Обернувшись к обалдевшему Анатолию, Светлана сделала шаг по направлению к нему и, не долго думая, залепила тяжелую увесистую пощечину.

– Это тебе за простоквашу, – звонко пояснила она, – чтобы с молодой и красивой жизнь медом не казалась.

– Ты сошла с ума! – схватившись ладонью за горящую щеку, пробормотал он. Разгоряченная, со сверкающими глазами, Светлана была настолько хороша, что внутри Анатолия что-то екнуло и разлилось по всему телу. Жарко забившись, сердце его со стуком ударилось о землю, и голову залила одуряющая волна слепого восторга.

– В зал приглашаются Грачевы! – голос администратора прозвучал торжественно и приторно-слащаво, сразу разделив стоявшую публику на два потока. Обогнув с двух сторон островок, где остались Ксюха и Анатолий, приглашенные устремились в церемониальный зал, и фойе моментально опустело. Анатолий смотрел вслед удаляющимся до тех пор, пока парадные двери не закрылись, отрезая его от всех тех, кто неожиданно для него самого вдруг стал ему дорог и важен.

– Толя! – с обидой хлюпнула покрасневшим носиком Ксюша, и огромные черные глаза ее вновь наполнились слезами. – Я люблю тебя, а они все… смотрели на меня… так!… – Она покрутила из стороны в сторону своей точеной шейкой и с рыданием наклонила голову.

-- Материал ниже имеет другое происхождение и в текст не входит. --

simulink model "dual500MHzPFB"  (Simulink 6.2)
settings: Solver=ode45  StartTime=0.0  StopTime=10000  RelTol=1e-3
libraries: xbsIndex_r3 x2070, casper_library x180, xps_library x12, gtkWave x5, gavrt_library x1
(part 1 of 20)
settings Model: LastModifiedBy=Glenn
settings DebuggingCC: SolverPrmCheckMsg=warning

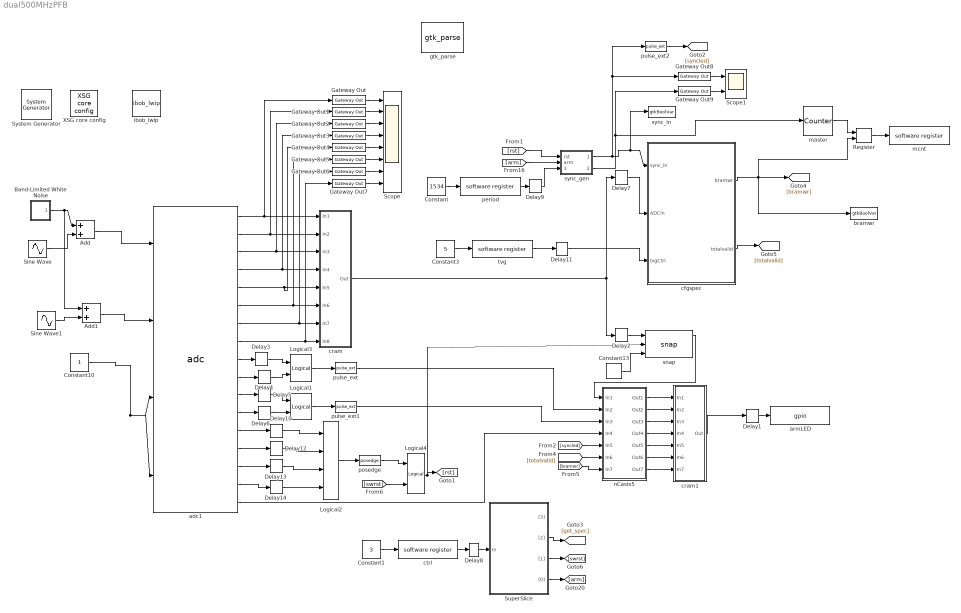
== system dual500MHzPFB ==
  " System Generator" : xbsIndex_r3/ System Generator  Tag=genX  xilinxfamily=Virtex2P  part=xc2vp50  speed=-7  package=ff1152  synthesis_tool=XST  directory=C:/casper_work/scratch/newspec/dual500MHzPFB/sysgen  testbench=off  simulink_period=1  sysclk_period=3.9063  incr_netlist=off  trim_vbits=Everywhere in SubSystem  dbl_ovrd=According to Block Masks  core_generation=According to Block Masks  run_coregen=off  deprecated_control=off  eval_field=0
      settings: AttributesFormatString=System\nGenerator
  Add : Sum  OutScaling=2^-10
  Add1 : Sum  OutScaling=2^-10
  Band-Limited White Noise : Subsystem  AncestorBlock=simulink/Sources/Band-Limited White Noise  mask(Band-Limited White Noise.){Cov=0, Ts=0.25, seed=[23341], VectorParams1D=on}
      mask prompts: Cov "Noise power:"; Ts "Sample time:"; VectorParams1D "Interpret vector parameters as 1-D"
      mask help: The Band-Limited White Noise block generates normally distributed random numbers that are suitable for use in continuous or hybrid systems.
      mask init:
      | if any(Cov < 0),
      | 	error('The ''Noise power'' must be positive. '),
      | end;
      | 
      | r = [-0.4326
      |    -1.6656
      |     0.1253
      |     0.2877
      |    -1.1465
      |     1.1909
      |     1.1892
      |    -0.0376
      |     0.3273
      |     0.1746
      |    -0.1867
      |     0.7258]';
      | 
      | r2 = [r(1),r;r,r(12)]; 
      | t =[1:13;1:13]; 
      | 
      | if any(Ts==-1), 
      | 	error('Sample time (-1) is set to be back-inherited from the block(s) it drives. You should explicitly specify the sample time of the source block. '), 
      | end;
      | set_param([gcb '/White Noise'],'VectorParams1D',VectorParams1D);
      mask Help: Implemented using white noise into Zero-Order Hold block. The seed and power can be vectors of the same length to produce a vector of white noise sources. For faster simulation, set sample time to the highest value possible but in accordance with the fastest dynamics of system.
      mask Display: plot(t(:),r2(:))
  Constant : Constant  Value=1534
  Constant1 : Constant  Value=3
  Constant10 : Constant
  Constant13 : xbsIndex_r3/Constant  const=1  equ=P=C  arith_type=Boolean  n_bits=8  bin_pt=0  opselect=C  inp2=PCIN>>17  opr=+  inp1=P  carry=CIN  iostate=0  explicit_period=on  period=1  dbl_ovrd=off
  Constant3 : Constant  Value=5
  Delay{1,3..6} (5 alike) : xbsIndex_r3/Delay  latency=4  reg_retiming=on  explicit_period=off  period=1  en=off  accept_only_valid=off  init_zero=on  dbl_ovrd=off  show_param=off
      settings: xl_area=[0, 0, 0, 0, 0, 0, 0]
  Delay{10,12..14} (4 alike) : xbsIndex_r3/Delay  latency=1  reg_retiming=on  explicit_period=off  period=1  en=off  accept_only_valid=off  init_zero=on  dbl_ovrd=off  show_param=off
      settings: xl_area=[0, 0, 0, 0, 0, 0, 0]
  Delay11 : xbsIndex_r3/Delay  latency=2  reg_retiming=on  explicit_period=off  period=1  en=off  accept_only_valid=off  init_zero=on  dbl_ovrd=off  show_param=off
      settings: xl_area=[0, 0, 0, 0, 0, 0, 0]
  Delay2 : xbsIndex_r3/Delay  latency=3  reg_retiming=on  explicit_period=off  period=1  en=off  accept_only_valid=off  init_zero=on  dbl_ovrd=off  show_param=off
      settings: xl_area=[0, 0, 0, 0, 0, 0, 0]
  Delay7 : xbsIndex_r3/Delay  latency=2  reg_retiming=on  explicit_period=off  period=1  en=off  accept_only_valid=off  init_zero=on  dbl_ovrd=off  show_param=off
      settings: xl_area=[0, 0, 0, 0, 0, 0, 0]
  Delay8 : xbsIndex_r3/Delay  latency=3  reg_retiming=on  explicit_period=off  period=1  en=off  accept_only_valid=off  init_zero=on  dbl_ovrd=off  show_param=off
      settings: xl_area=[0, 0, 0, 0, 0, 0, 0]
  Delay9 : xbsIndex_r3/Delay  latency=2  reg_retiming=on  explicit_period=off  period=1  en=off  accept_only_valid=off  init_zero=on  dbl_ovrd=off  show_param=off
      settings: xl_area=[0, 0, 0, 0, 0, 0, 0]
  Gateway Out{,1..9} (10 alike) : xbsIndex_r3/Gateway Out  output_type=Double  nbits=8  bin_pt=6  arith_type=Boolean  quantization=Truncate  overflow=Wrap  hdl_port=on  timing_constraint=None  locs_specified=off  LOCs={}  needs_fixed_name=off  show_param=off
      settings: xl_area=[0, 0, 0, 0, 0, 0, 0]
  Logical1 : xbsIndex_r3/Logical  logical_function=OR  inputs=2  precision=Full  arith_type=Unsigned  n_bits=8  bin_pt=2  align_bp=on  latency=0  explicit_period=off  period=1  en=off  dbl_ovrd=off  show_param=off
      settings: xl_area=[0, 0, 0, 0, 0, 0, 0]
  Logical2 : xbsIndex_r3/Logical  logical_function=OR  inputs=4  precision=Full  arith_type=Unsigned  n_bits=8  bin_pt=2  align_bp=on  latency=1  explicit_period=off  period=1  en=off  dbl_ovrd=off  show_param=off
      settings: xl_area=[0, 0, 0, 0, 0, 0, 0]
  Logical3 : xbsIndex_r3/Logical  logical_function=OR  inputs=2  precision=Full  arith_type=Unsigned  n_bits=8  bin_pt=2  align_bp=on  latency=0  explicit_period=off  period=1  en=off  dbl_ovrd=off  show_param=off
      settings: xl_area=[0, 0, 0, 0, 0, 0, 0]
  Logical4 : xbsIndex_r3/Logical  logical_function=OR  inputs=2  precision=Full  arith_type=Unsigned  n_bits=8  bin_pt=2  align_bp=on  latency=1  explicit_period=off  period=1  en=off  dbl_ovrd=off  show_param=off
      settings: xl_area=[0, 0, 0, 0, 0, 0, 0]
  Register : xbsIndex_r3/Register  init=0  reg_only_valid=off  explicit_period=off  period=1  rst=off  en=on  out_en=off  dbl_ovrd=off  show_param=off
      settings: xl_area=[0, 0, 0, 0, 0, 0, 0]
  Scope : Scope  NumInputPorts=8
      settings: YMin=-5~-5~-5~-5~-5~-5~-5~-5  YMax=5~5~5~5~5~5~5~5
  Scope1 : Scope  NumInputPorts=2
      settings: YMin=-5~-5  YMax=5~5  SaveName=ScopeData6
  Sine Wave : Sin  Amplitude=.1  Bias=.5  Frequency=4.1*2*pi  Samples=8  SampleTime=.25
  Sine Wave1 : Sin  Amplitude=.1  Bias=.5  Frequency=4.1*2*pi  Phase=(-pi/2)  Samples=8  SampleTime=.25  Offset=2
  SuperSlice : Subsystem  AncestorBlock=gavrt_library/SuperSlice  mask(superslice){slices=-1*ones(1,4)}
      mask prompts: slices "Slice pattern"
      mask help:
      | Slices the input word into consecutive outputs of arbitrary width.
      | Slice pattern should be a vector with each entry representing the width of that particular slice. The first entry is the MSB slice and the last is the LSB slice.
      | If a slice is given width -1, that slice will have a boolean output.
      | Ex: -1*ones(1,32)  -- Slice a 32 bit word into seperate boolean flags
      | [16, 8, -1*ones(1,8)] -- Slice a 32 bit word into the MSW, a byte, and the least significant 8 bits
      mask init:
      | superslice_init(gcb, 'slices', slices);
  XSG core config : xps_library/XSG core config  Tag=xps:xsg  hw_sys=iBOB  ibob_linux=off  clk_src=adc0_clk  gpio_clk_io_group=iBOB:sma  gpio_clk_bit_index=0  clk_rate=256  sample_period=1  synthesis_tool=XST  mpc_type=powerpc405
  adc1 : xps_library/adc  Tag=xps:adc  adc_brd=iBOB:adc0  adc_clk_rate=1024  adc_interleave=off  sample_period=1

– Ладно! – негромко проговорил Анатолий. Он чувствовал себя в какой-то степени виноватым перед этой девочкой, у которой самый главный праздник в жизни оказался омраченным. – Не надо, Ксю. Пойдем к машине.

* * *

Катька сидела перед зеркалом и с некоторой долей недоумения созерцала свое отражение. Беспорядочно торчащие рыжие клоки волос больше напоминали искусственный мех медвежонка, лет пятнадцать-двадцать валявшегося в необъятных недрах старого дивана. Боевая раскраска индейца, которую Катерина не удосужилась снять на ночь, растеклась, склеивая насмерть и так не желавшие открываться со сна глаза. Убирая тампонами тушь, она подумала о том, что напоминает сама себе дворника со скребком, на беду которого за ночь нападала чертова уйма снега. Изображение в зеркале периодически раздваивалось, и тогда Катя клевала носом, засыпая на ходу. Время от времени голова ее клонилась вниз, глаза закрывались, но, взяв себя в руки, она мужественно продолжала приводить свою «фотографию» в порядок.

За ее спиной стоял Володя, глядя на Катерину в зеркале и явно не решаясь ей что-то сказать. Катя видела, как, приготовившись и собравшись с силами, он уже открывал рот, но, вздохнув, закрывал его снова, продолжая скручивать из уголка рубашки тонкий плотный валик. Глаза Володи приняли измученно-страдальческое выражение, губы побледнели, и сам он выглядел затравленным и жалким, похожим на воздушный шарик, из которого выпустили весь воздух.

Катерина видела его мучения, но помочь не спешила. Какого фига, мужик он или нет, или так и будет всю жизнь цепляться за бабьи юбки! Если что-то по делу, пускай говорит, нечего нюни разводить. А если не начнет – значит, не так уж и важно все то, что он хотел сказать.

Взъерошив пятерней нестриженую копну светлых волос, он нахмурился и, напустив на себя для важности серьезный вид, откашлявшись, наконец изрек:

– Като, я хотел с тобой серьезно поговорить.

– Если позиция сзади тебя устраивает, можешь начинать, – ответила она, продолжая наводить марафет перед зеркалом.

– Не могла бы ты уделить мне немного времени и развернуться лицом. Говорить с твоим затылком как-то несподручно, – попросил он, глядя на Катерину в зеркале.